Male, 47 years old, history of headaches since adolescence under treatment with high doses of ergotamine, HIV diagnosed in 2005.
He began to receive 10 days prior to the consultation ARVT based on: zidovudine, lamivudine, indinavir/ritonavir, presenting at four days intense pain, paresthesias and paresis of the hands.
Physical examination revealed coldness, semiflexion of the fingers of both hands and absence of bilateral ulnar and radial pulse.
The diagnostic approaches in these 3 HIV-positive patients with acute cutaneous manifestations in acral areas that due to their characteristics corresponded to vascular phenomena were: firstly a cutaneous vasculitis, knowing the frequent association between this disease and HIV.
However, the absence of pulses and the involvement of only distal limbs together with the clear symptoms of ischemia suggested that the picture could correspond to acute arterial embolism, but the bilaterality of the process distanced this plant.
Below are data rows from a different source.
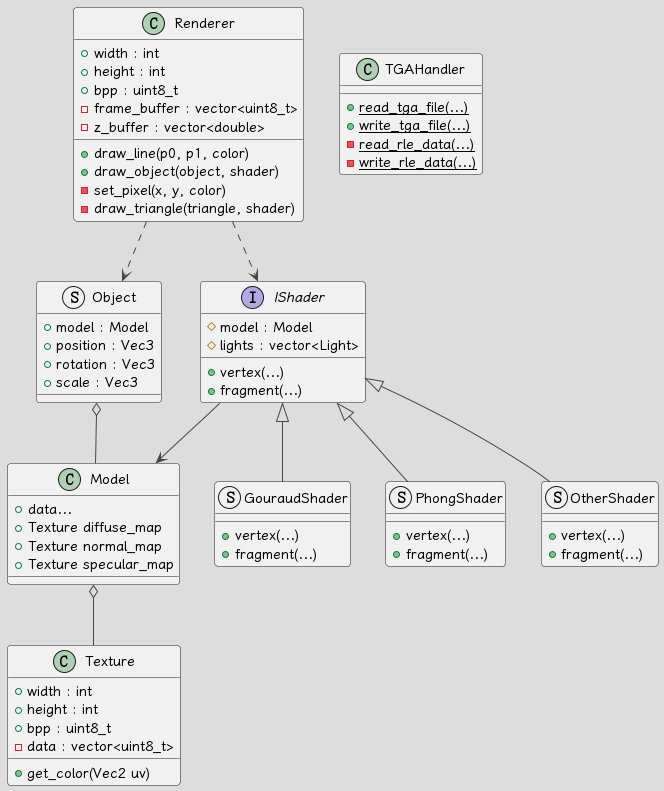

The diagram above was rendered by PlantUML. Its source (embedded in the PNG):
@startuml

!theme toy
skinparam defaultFontName "LXGW WenKai Screen"

class Texture{
    + width : int
    + height : int
    + bpp : uint8_t
    - data : vector<uint8_t>
    + get_color(Vec2 uv)
}

class Model {
    + data...
    + Texture diffuse_map
    + Texture normal_map
    + Texture specular_map
}

struct Object {
    + model : Model
    + position : Vec3
    + rotation : Vec3
    + scale : Vec3
}

class Renderer {
    + width : int
    + height : int
    + bpp : uint8_t
    - frame_buffer : vector<uint8_t>
    - z_buffer : vector<double>

    + draw_line(p0, p1, color)
    + draw_object(object, shader)
    - set_pixel(x, y, color)
    - draw_triangle(triangle, shader)
}

class TGAHandler {
    {static} + read_tga_file(...)
    {static} + write_tga_file(...)
    {static} - read_rle_data(...)
    {static} - write_rle_data(...)
}

interface IShader {
    # model : Model
    # lights : vector<Light>
    + vertex(...)
    + fragment(...)
}

struct GouraudShader {
    + vertex(...)
    + fragment(...)
}

struct PhongShader {
    + vertex(...)
    + fragment(...)
}

struct OtherShader {
    + vertex(...)
    + fragment(...)
}

IShader <|-- GouraudShader
IShader <|-- PhongShader
IShader <|-- OtherShader
Model o-- Texture
Object o-- Model
Renderer ..> IShader
Renderer ..> Object
IShader --> Model

@enduml

Finally, given that we were dealing with multimedicated patients, it was proposed whether the clinical picture could not be of toxic-drug cause.
With these hypotheses tests were requested to assess the symptoms and signs of peripheral ischemia.
In all three cases Doppler ultrasound showed elements of diffuse arterial spasm and uniform reduction in caliber of the affected arteries without evidence of thrombosis, suggesting a functional alteration.
In case 2, an arteriography of the upper limbs showed thinning of the cubital and radial arteries with total obliteration of their distal sector and absence of flow in the interosseous arteries.
Basic laboratory tests showed no abnormalities in any of the patients and anti smooth muscle antibodies, cryoglobulins, cryoglutinins and serological for hepatitis B and C virus were negative in all 3 cases.
1.
Facing an acute vasomotor syndrome with acrocia, associated with ergonomic signs and arteriography secondary to peripheral vascular insufficiency in HIV patients treated with ritonavir who self-medicated with ergotamine, ergotamine exclusion was diagnosed.
The central element of the therapeutic conduct was the suspension of the drugs involved: ergotamine and ritonavir.
All 3 patients received treatment based on arterial vasodilators of the type nifedipine at doses of 30 mg every 8 hours orally and pentoxyphylline at doses of 400 mg every 8 hours orally for a period of 10 days.
Antiplatelet therapy with acetylsalicylic acid 250 mg/day was administered orally and prophylactic anticoagulation with enoxaparin 40 mg/day subcutaneously for the same period of time.
Cases 1 and 2 presented complete resolution of the clinical picture on the tenth day, with normalization of the flow of the affected arteries by control Doppler, while in the third patient had an excellent evolution, being discharged asymptomatic on the sixth day.